Я задумываюсь. Я точно знаю: что-то есть, вертится в голове, но я никак не могу сформулировать.
– Нет.
– Ладно, ничего страшного. Ты сегодня хорошо продвинулся. Осталось сделать только одно дело – позвонить твоему директору.
– Только не это! – возражаю я, но она уже вытащила свой мобильный, которым ей тут точно не запрещено пользоваться, и уже с кем-то разговаривает:
– Да, дайте, пожалуйста, номер телефона Подготовительной академии управления, это на Манхэттене.
– Не надо, не звоните, не звоните! – Я тянусь через стол в попытке вырвать телефон из ее рук. Хорошо, что жалюзи на стеклянной перегородке задвинуты и никто этого не видит, а то бы мне точно вкатили укол с успокоительным. Доктор Минерва поднимается с места и подходит к двери, жестом спрашивая, не хочу ли я, чтобы сюда пришла охрана, и я покорно сажусь обратно.

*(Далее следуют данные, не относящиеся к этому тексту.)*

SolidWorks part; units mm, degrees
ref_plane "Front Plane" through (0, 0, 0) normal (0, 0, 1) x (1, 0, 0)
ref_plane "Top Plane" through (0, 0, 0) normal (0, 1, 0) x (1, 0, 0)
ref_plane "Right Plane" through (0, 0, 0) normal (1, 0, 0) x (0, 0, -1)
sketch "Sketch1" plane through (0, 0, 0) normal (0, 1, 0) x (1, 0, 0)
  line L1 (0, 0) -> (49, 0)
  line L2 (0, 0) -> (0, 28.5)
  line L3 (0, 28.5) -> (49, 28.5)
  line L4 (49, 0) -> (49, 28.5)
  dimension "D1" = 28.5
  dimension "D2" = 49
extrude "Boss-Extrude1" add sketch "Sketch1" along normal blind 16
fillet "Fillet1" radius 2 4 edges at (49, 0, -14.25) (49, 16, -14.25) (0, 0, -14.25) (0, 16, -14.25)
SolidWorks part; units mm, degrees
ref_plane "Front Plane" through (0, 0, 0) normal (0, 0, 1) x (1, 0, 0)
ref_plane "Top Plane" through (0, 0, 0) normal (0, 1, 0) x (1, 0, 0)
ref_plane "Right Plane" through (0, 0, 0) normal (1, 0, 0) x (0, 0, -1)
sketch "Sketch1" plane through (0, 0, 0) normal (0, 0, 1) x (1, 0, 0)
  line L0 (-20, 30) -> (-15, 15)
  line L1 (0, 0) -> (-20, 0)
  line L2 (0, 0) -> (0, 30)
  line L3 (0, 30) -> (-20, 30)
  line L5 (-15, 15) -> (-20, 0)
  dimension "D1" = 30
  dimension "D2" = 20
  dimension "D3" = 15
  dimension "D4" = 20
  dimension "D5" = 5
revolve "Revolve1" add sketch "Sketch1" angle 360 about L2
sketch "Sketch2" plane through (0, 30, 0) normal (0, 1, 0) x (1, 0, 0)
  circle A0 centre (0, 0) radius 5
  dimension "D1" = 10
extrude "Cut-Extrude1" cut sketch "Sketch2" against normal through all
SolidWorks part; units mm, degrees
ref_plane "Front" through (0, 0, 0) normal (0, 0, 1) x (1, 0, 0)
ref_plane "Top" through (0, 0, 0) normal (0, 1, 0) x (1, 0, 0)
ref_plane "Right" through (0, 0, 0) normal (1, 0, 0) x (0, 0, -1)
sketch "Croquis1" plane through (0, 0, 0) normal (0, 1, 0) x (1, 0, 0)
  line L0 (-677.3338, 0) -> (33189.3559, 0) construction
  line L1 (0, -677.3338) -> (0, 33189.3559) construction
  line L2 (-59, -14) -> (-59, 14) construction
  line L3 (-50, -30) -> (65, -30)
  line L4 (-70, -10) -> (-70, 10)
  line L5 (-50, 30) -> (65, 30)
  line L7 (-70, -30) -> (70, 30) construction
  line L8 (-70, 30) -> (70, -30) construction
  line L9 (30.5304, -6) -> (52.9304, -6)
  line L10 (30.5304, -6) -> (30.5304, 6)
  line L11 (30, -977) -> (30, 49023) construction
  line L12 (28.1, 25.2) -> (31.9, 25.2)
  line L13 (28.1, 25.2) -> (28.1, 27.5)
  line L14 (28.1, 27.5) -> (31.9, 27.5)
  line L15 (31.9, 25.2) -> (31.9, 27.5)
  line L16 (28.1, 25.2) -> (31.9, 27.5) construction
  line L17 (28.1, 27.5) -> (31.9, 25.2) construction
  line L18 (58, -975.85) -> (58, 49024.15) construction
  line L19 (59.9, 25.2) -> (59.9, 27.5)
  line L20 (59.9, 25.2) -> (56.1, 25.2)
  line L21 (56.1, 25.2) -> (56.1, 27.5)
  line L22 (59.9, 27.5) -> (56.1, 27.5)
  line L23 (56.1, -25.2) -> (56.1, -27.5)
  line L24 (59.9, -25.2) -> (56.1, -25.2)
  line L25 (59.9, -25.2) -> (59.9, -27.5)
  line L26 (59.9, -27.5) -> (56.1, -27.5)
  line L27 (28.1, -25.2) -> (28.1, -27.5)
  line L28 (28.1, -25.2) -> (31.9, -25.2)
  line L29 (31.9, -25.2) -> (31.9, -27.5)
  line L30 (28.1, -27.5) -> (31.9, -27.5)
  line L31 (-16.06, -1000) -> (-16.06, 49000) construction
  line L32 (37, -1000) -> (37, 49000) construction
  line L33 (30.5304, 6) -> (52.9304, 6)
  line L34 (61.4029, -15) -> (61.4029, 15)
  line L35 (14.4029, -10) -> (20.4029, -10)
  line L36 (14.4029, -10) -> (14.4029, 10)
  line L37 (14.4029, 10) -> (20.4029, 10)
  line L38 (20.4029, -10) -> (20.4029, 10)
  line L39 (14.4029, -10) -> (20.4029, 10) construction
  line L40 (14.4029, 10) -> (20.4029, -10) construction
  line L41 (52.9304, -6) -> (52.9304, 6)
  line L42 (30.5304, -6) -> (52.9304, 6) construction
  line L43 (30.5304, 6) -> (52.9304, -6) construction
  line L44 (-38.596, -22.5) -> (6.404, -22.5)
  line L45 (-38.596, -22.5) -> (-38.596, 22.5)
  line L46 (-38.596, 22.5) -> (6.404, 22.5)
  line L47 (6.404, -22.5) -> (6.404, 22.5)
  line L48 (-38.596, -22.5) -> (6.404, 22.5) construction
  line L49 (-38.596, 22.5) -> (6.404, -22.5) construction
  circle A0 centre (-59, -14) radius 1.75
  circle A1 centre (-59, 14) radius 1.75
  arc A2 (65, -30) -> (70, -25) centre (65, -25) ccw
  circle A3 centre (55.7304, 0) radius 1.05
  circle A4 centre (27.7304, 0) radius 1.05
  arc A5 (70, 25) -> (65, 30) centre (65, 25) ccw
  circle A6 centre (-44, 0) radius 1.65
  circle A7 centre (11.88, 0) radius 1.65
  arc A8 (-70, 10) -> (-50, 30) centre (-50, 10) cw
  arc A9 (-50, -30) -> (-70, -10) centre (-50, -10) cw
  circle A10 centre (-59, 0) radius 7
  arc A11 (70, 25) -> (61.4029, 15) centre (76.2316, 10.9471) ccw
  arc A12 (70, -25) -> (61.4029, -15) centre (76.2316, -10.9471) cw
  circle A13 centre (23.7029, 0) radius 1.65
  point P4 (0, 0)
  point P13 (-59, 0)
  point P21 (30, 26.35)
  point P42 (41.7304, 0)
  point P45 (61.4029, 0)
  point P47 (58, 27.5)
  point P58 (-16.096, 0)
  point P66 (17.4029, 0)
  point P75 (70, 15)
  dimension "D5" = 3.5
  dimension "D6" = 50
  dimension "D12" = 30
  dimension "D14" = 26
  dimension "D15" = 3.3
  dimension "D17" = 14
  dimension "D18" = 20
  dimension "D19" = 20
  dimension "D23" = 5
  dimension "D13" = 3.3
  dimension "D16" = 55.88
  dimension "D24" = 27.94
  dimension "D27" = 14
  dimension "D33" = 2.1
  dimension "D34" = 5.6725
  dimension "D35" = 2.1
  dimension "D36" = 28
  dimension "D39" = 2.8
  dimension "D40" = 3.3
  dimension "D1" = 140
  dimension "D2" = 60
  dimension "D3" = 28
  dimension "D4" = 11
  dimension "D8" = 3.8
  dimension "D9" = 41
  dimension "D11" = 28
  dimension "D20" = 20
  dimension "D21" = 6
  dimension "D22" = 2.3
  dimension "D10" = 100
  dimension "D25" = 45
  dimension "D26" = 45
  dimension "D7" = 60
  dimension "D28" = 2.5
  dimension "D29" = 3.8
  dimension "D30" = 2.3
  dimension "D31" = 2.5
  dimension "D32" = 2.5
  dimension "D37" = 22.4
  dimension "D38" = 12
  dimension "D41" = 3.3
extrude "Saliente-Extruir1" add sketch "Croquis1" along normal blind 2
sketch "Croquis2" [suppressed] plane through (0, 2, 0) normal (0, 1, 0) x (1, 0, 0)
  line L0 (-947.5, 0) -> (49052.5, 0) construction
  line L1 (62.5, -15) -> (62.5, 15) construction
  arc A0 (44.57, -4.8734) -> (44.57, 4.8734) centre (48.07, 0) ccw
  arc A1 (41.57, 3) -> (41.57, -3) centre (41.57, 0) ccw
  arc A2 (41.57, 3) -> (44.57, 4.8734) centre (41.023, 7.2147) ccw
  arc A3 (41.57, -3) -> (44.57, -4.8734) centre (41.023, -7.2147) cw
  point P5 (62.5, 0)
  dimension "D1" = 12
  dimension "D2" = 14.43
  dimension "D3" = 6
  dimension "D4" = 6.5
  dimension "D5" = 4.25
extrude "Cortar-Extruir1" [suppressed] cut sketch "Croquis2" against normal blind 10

– Да, я хочу поговорить с директором, – отвечает она кому-то по телефону, – я мать одного из учеников, которому он недавно звонил по поводу предоставления справок о здоровье.
Тишина.
– Прекрасно. – Она прикрывает телефон рукой. – Меня уже соединяют.
– Поверить не могу, что вы это делаете, – говорю я.
– А я не могу поверить, что тебя так волнует, что я это делаю… Да, алло. Это мистер… – Тут она вопросительно смотрит на меня.
– Яновиц, – еле слышно артикулирую я.
– Яновиц?
Из телефона слышится одобрительное бормотание.
– Это звонит доктор Минерва насчет ученика Крэйга Гилнера. Вы звонили ему в психиатрическое отделение госпиталя «Аргенон» в Бруклин. Я официальный психотерапевт Крэйга, и он сидит тут, рядом. Хотите с ним поговорить?
Она кивает и подает мне телефон:
– Возьми, Крэйг.
Я беру мобильный в руку – он поменьше моего и интереснее сделан.
– Э, алло.
– Крэйг, почему ты бросил трубку? – он говорит низким голосом, ласково и нежно, почти срываясь на смех.
– Э-э-э… я подумал, что произошло что-то плохое. Подумал, что меня исключили. Вы же позвонили мне прямо в больницу.
– Я позвонил тебе, Крэйг, потому, что получил сообщение от одного из учителей. Ты не беспокойся, мы поможем тебе со всем справиться. Академия позволит тебе наверстать полугодие. Или дополнительно летом, или будем давать тебе задания на дом, если ты пробудешь там слишком долго.
– Да?
– Господи, Крэйг, мы не осуждаем учеников за то, что они лежат в больнице.
– Не осуждаете? Но ведь это же психиатрическая…
– Я знаю, какая это больница. И, поверь, ты не первый, кто там оказался. Это обычная проблема среди людей твоего возраста.
– Ох, спасибо вам.
– Как у тебя дела?
– Мне лучше.
– Не знаешь, когда тебя выпишут?
Я не хочу говорить, что в четверг, потому что вдруг это будет в пятницу. Или вообще в следующий четверг. Или через год.
– Скоро, – отвечаю я.
– Ладно, давай не сдавайся, а мы тут, в Академии, будем ждать твоего возвращения.
– Спасибо, мистер Яновиц.
Я живо представил свое возвращение в школу: своих немногочисленных друзей (хотя они мне уже и не друзья), к которым добавятся сочувствующие моей депрессии, девчонок, понимающих учителей и вдруг ставшего милым директора. Разве не повод для радости? Но мне совсем не весело.
– Ну что, не так уж все и плохо? – спрашивает доктор Минерва.
Да, неплохо. Так же неплохо, как временная отсрочка от тюрьмы, где тебя ждут с распростертыми объятиями.
– Теперь главное – чтобы тебя выписали в четверг, а я приду в следующий раз в среду, договорились? – говорит доктор Минерва.
Я жму ее руку и благодарю. Она знает, как я говорю, когда чувствую себя хорошо, и это означает, что она справилась со своей работой. Потом я иду в комнату и рисую карты мозгов, с нетерпением ожидая супертурнира по картам с Армелио.